• **HOW TO COMPLETE THIS TASK**: Exact reproduction of all the data is required, with pictures excluded.

┌─ THE INPUT

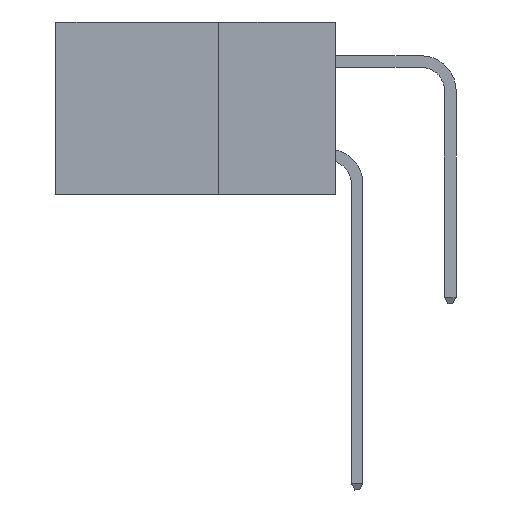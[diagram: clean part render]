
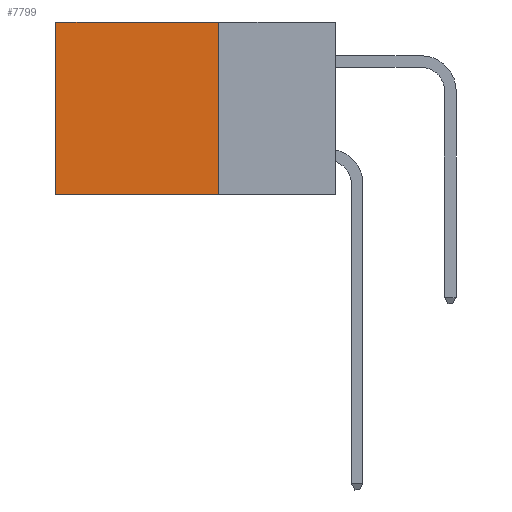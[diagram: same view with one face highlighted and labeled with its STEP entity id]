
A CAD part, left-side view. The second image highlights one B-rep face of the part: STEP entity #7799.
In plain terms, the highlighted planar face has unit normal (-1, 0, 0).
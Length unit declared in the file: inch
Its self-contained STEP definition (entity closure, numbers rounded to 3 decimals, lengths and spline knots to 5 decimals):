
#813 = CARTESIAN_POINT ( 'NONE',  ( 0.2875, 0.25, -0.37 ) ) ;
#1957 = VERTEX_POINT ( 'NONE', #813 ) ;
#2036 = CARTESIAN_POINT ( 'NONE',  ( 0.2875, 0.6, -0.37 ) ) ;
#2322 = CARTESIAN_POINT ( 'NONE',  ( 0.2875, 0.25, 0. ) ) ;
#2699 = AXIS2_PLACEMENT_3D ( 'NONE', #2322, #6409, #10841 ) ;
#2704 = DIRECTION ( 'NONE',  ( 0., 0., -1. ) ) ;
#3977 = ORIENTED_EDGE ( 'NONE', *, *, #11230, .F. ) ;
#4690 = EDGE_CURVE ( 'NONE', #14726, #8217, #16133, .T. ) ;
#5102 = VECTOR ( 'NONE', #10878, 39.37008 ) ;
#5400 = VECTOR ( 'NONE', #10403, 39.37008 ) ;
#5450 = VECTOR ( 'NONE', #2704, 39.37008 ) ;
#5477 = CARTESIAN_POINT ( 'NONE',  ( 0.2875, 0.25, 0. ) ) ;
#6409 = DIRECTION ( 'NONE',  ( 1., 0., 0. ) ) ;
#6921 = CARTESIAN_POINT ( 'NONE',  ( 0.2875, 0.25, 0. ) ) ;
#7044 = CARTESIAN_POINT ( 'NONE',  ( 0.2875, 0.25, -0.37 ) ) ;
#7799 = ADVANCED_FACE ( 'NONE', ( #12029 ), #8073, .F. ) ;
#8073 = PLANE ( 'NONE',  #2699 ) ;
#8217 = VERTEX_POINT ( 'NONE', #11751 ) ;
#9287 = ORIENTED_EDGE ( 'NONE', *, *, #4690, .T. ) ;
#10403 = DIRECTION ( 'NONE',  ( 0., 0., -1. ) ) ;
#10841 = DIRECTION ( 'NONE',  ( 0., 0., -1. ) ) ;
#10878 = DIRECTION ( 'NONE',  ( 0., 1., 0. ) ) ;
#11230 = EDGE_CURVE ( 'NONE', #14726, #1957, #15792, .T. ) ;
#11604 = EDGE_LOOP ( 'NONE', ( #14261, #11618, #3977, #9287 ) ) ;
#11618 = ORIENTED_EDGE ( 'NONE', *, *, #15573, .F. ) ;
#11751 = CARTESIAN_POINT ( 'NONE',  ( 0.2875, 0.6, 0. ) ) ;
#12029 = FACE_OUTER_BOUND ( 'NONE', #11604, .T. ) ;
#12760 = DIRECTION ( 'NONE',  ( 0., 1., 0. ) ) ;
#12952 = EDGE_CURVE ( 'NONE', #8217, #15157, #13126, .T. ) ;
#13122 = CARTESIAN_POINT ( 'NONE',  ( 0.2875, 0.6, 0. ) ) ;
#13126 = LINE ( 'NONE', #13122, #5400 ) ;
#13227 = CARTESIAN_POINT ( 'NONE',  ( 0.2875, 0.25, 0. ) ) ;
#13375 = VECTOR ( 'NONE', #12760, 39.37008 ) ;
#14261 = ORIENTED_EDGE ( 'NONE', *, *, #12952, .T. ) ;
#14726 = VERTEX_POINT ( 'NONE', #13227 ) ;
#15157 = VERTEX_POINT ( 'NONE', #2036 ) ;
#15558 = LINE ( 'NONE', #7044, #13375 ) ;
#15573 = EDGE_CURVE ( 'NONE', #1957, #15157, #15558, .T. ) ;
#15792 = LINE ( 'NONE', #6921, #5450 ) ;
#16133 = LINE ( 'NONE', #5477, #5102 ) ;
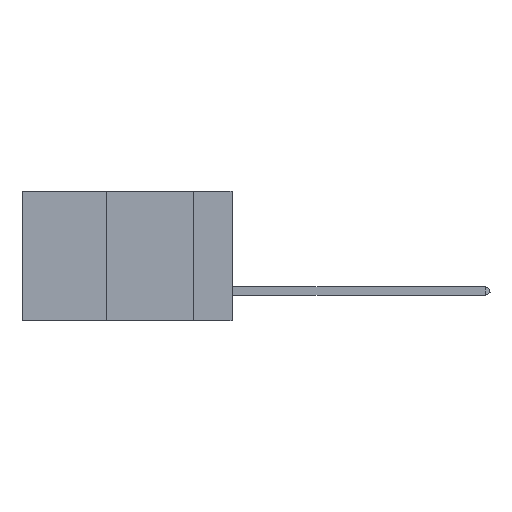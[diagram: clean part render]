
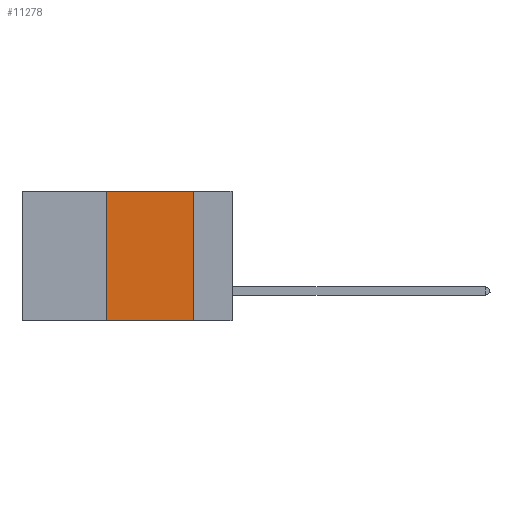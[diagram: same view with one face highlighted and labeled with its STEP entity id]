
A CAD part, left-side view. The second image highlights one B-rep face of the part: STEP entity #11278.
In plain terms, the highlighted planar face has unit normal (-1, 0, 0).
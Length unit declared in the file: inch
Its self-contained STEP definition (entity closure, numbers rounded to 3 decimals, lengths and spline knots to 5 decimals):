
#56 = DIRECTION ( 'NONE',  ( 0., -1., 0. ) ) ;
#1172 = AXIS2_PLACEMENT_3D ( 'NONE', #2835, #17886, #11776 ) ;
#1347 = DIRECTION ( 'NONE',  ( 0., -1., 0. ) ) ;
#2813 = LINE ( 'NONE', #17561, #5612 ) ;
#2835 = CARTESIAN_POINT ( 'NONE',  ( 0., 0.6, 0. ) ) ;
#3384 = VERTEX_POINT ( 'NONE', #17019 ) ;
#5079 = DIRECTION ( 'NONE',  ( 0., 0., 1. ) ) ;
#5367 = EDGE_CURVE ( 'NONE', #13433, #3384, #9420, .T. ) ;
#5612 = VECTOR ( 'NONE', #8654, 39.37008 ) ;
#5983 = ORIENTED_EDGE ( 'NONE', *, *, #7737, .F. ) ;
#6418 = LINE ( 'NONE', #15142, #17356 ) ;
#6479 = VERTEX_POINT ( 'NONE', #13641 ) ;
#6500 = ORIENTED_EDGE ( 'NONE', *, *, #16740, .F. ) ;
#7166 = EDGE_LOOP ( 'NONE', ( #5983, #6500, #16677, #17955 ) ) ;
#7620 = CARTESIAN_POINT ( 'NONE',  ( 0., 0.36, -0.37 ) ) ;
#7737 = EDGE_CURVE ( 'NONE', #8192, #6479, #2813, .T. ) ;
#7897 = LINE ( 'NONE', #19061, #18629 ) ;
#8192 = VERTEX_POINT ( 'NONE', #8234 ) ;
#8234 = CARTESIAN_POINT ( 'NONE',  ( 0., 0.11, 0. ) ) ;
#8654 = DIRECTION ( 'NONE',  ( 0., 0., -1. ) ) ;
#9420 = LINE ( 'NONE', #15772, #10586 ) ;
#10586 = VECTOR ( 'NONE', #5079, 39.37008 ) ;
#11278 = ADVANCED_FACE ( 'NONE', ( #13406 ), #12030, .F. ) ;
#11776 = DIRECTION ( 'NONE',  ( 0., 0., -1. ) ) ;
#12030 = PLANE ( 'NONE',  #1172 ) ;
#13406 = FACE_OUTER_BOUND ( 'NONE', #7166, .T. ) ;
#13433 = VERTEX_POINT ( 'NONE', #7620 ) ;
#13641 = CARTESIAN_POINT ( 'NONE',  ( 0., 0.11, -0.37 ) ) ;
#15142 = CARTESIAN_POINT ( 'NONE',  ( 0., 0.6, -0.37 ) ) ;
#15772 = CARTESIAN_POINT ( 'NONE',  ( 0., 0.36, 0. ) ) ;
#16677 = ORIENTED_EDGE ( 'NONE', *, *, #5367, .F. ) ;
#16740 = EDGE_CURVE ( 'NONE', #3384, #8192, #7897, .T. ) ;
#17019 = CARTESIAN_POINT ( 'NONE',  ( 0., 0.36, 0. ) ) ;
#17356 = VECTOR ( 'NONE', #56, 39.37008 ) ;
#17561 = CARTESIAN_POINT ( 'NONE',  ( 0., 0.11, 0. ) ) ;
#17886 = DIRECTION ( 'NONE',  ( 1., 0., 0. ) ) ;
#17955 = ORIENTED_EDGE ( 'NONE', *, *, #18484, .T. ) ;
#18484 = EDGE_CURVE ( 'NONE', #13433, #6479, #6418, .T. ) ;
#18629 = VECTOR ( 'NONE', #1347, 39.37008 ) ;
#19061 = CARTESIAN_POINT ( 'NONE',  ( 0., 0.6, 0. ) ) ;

└─

• **SOLUTION**:
[diagram: clean part render]
[diagram: same view with one face highlighted and labeled with its STEP entity id]
A CAD part, left-side view. The second image highlights one B-rep face of the part: STEP entity #7799.
In plain terms, the highlighted planar face has unit normal (-1, 0, 0).
Length unit declared in the file: inch
Its self-contained STEP definition (entity closure, numbers rounded to 3 decimals, lengths and spline knots to 5 decimals):
#813 = CARTESIAN_POINT ( 'NONE',  ( 0.2875, 0.25, -0.37 ) ) ;
#1957 = VERTEX_POINT ( 'NONE', #813 ) ;
#2036 = CARTESIAN_POINT ( 'NONE',  ( 0.2875, 0.6, -0.37 ) ) ;
#2322 = CARTESIAN_POINT ( 'NONE',  ( 0.2875, 0.25, 0. ) ) ;
#2699 = AXIS2_PLACEMENT_3D ( 'NONE', #2322, #6409, #10841 ) ;
#2704 = DIRECTION ( 'NONE',  ( 0., 0., -1. ) ) ;
#3977 = ORIENTED_EDGE ( 'NONE', *, *, #11230, .F. ) ;
#4690 = EDGE_CURVE ( 'NONE', #14726, #8217, #16133, .T. ) ;
#5102 = VECTOR ( 'NONE', #10878, 39.37008 ) ;
#5400 = VECTOR ( 'NONE', #10403, 39.37008 ) ;
#5450 = VECTOR ( 'NONE', #2704, 39.37008 ) ;
#5477 = CARTESIAN_POINT ( 'NONE',  ( 0.2875, 0.25, 0. ) ) ;
#6409 = DIRECTION ( 'NONE',  ( 1., 0., 0. ) ) ;
#6921 = CARTESIAN_POINT ( 'NONE',  ( 0.2875, 0.25, 0. ) ) ;
#7044 = CARTESIAN_POINT ( 'NONE',  ( 0.2875, 0.25, -0.37 ) ) ;
#7799 = ADVANCED_FACE ( 'NONE', ( #12029 ), #8073, .F. ) ;
#8073 = PLANE ( 'NONE',  #2699 ) ;
#8217 = VERTEX_POINT ( 'NONE', #11751 ) ;
#9287 = ORIENTED_EDGE ( 'NONE', *, *, #4690, .T. ) ;
#10403 = DIRECTION ( 'NONE',  ( 0., 0., -1. ) ) ;
#10841 = DIRECTION ( 'NONE',  ( 0., 0., -1. ) ) ;
#10878 = DIRECTION ( 'NONE',  ( 0., 1., 0. ) ) ;
#11230 = EDGE_CURVE ( 'NONE', #14726, #1957, #15792, .T. ) ;
#11604 = EDGE_LOOP ( 'NONE', ( #14261, #11618, #3977, #9287 ) ) ;
#11618 = ORIENTED_EDGE ( 'NONE', *, *, #15573, .F. ) ;
#11751 = CARTESIAN_POINT ( 'NONE',  ( 0.2875, 0.6, 0. ) ) ;
#12029 = FACE_OUTER_BOUND ( 'NONE', #11604, .T. ) ;
#12760 = DIRECTION ( 'NONE',  ( 0., 1., 0. ) ) ;
#12952 = EDGE_CURVE ( 'NONE', #8217, #15157, #13126, .T. ) ;
#13122 = CARTESIAN_POINT ( 'NONE',  ( 0.2875, 0.6, 0. ) ) ;
#13126 = LINE ( 'NONE', #13122, #5400 ) ;
#13227 = CARTESIAN_POINT ( 'NONE',  ( 0.2875, 0.25, 0. ) ) ;
#13375 = VECTOR ( 'NONE', #12760, 39.37008 ) ;
#14261 = ORIENTED_EDGE ( 'NONE', *, *, #12952, .T. ) ;
#14726 = VERTEX_POINT ( 'NONE', #13227 ) ;
#15157 = VERTEX_POINT ( 'NONE', #2036 ) ;
#15558 = LINE ( 'NONE', #7044, #13375 ) ;
#15573 = EDGE_CURVE ( 'NONE', #1957, #15157, #15558, .T. ) ;
#15792 = LINE ( 'NONE', #6921, #5450 ) ;
#16133 = LINE ( 'NONE', #5477, #5102 ) ;
[diagram: clean part render]
[diagram: same view with one face highlighted and labeled with its STEP entity id]
A CAD part, left-side view. The second image highlights one B-rep face of the part: STEP entity #11278.
In plain terms, the highlighted planar face has unit normal (-1, 0, 0).
Length unit declared in the file: inch
Its self-contained STEP definition (entity closure, numbers rounded to 3 decimals, lengths and spline knots to 5 decimals):
#56 = DIRECTION ( 'NONE',  ( 0., -1., 0. ) ) ;
#1172 = AXIS2_PLACEMENT_3D ( 'NONE', #2835, #17886, #11776 ) ;
#1347 = DIRECTION ( 'NONE',  ( 0., -1., 0. ) ) ;
#2813 = LINE ( 'NONE', #17561, #5612 ) ;
#2835 = CARTESIAN_POINT ( 'NONE',  ( 0., 0.6, 0. ) ) ;
#3384 = VERTEX_POINT ( 'NONE', #17019 ) ;
#5079 = DIRECTION ( 'NONE',  ( 0., 0., 1. ) ) ;
#5367 = EDGE_CURVE ( 'NONE', #13433, #3384, #9420, .T. ) ;
#5612 = VECTOR ( 'NONE', #8654, 39.37008 ) ;
#5983 = ORIENTED_EDGE ( 'NONE', *, *, #7737, .F. ) ;
#6418 = LINE ( 'NONE', #15142, #17356 ) ;
#6479 = VERTEX_POINT ( 'NONE', #13641 ) ;
#6500 = ORIENTED_EDGE ( 'NONE', *, *, #16740, .F. ) ;
#7166 = EDGE_LOOP ( 'NONE', ( #5983, #6500, #16677, #17955 ) ) ;
#7620 = CARTESIAN_POINT ( 'NONE',  ( 0., 0.36, -0.37 ) ) ;
#7737 = EDGE_CURVE ( 'NONE', #8192, #6479, #2813, .T. ) ;
#7897 = LINE ( 'NONE', #19061, #18629 ) ;
#8192 = VERTEX_POINT ( 'NONE', #8234 ) ;
#8234 = CARTESIAN_POINT ( 'NONE',  ( 0., 0.11, 0. ) ) ;
#8654 = DIRECTION ( 'NONE',  ( 0., 0., -1. ) ) ;
#9420 = LINE ( 'NONE', #15772, #10586 ) ;
#10586 = VECTOR ( 'NONE', #5079, 39.37008 ) ;
#11278 = ADVANCED_FACE ( 'NONE', ( #13406 ), #12030, .F. ) ;
#11776 = DIRECTION ( 'NONE',  ( 0., 0., -1. ) ) ;
#12030 = PLANE ( 'NONE',  #1172 ) ;
#13406 = FACE_OUTER_BOUND ( 'NONE', #7166, .T. ) ;
#13433 = VERTEX_POINT ( 'NONE', #7620 ) ;
#13641 = CARTESIAN_POINT ( 'NONE',  ( 0., 0.11, -0.37 ) ) ;
#15142 = CARTESIAN_POINT ( 'NONE',  ( 0., 0.6, -0.37 ) ) ;
#15772 = CARTESIAN_POINT ( 'NONE',  ( 0., 0.36, 0. ) ) ;
#16677 = ORIENTED_EDGE ( 'NONE', *, *, #5367, .F. ) ;
#16740 = EDGE_CURVE ( 'NONE', #3384, #8192, #7897, .T. ) ;
#17019 = CARTESIAN_POINT ( 'NONE',  ( 0., 0.36, 0. ) ) ;
#17356 = VECTOR ( 'NONE', #56, 39.37008 ) ;
#17561 = CARTESIAN_POINT ( 'NONE',  ( 0., 0.11, 0. ) ) ;
#17886 = DIRECTION ( 'NONE',  ( 1., 0., 0. ) ) ;
#17955 = ORIENTED_EDGE ( 'NONE', *, *, #18484, .T. ) ;
#18484 = EDGE_CURVE ( 'NONE', #13433, #6479, #6418, .T. ) ;
#18629 = VECTOR ( 'NONE', #1347, 39.37008 ) ;
#19061 = CARTESIAN_POINT ( 'NONE',  ( 0., 0.6, 0. ) ) ;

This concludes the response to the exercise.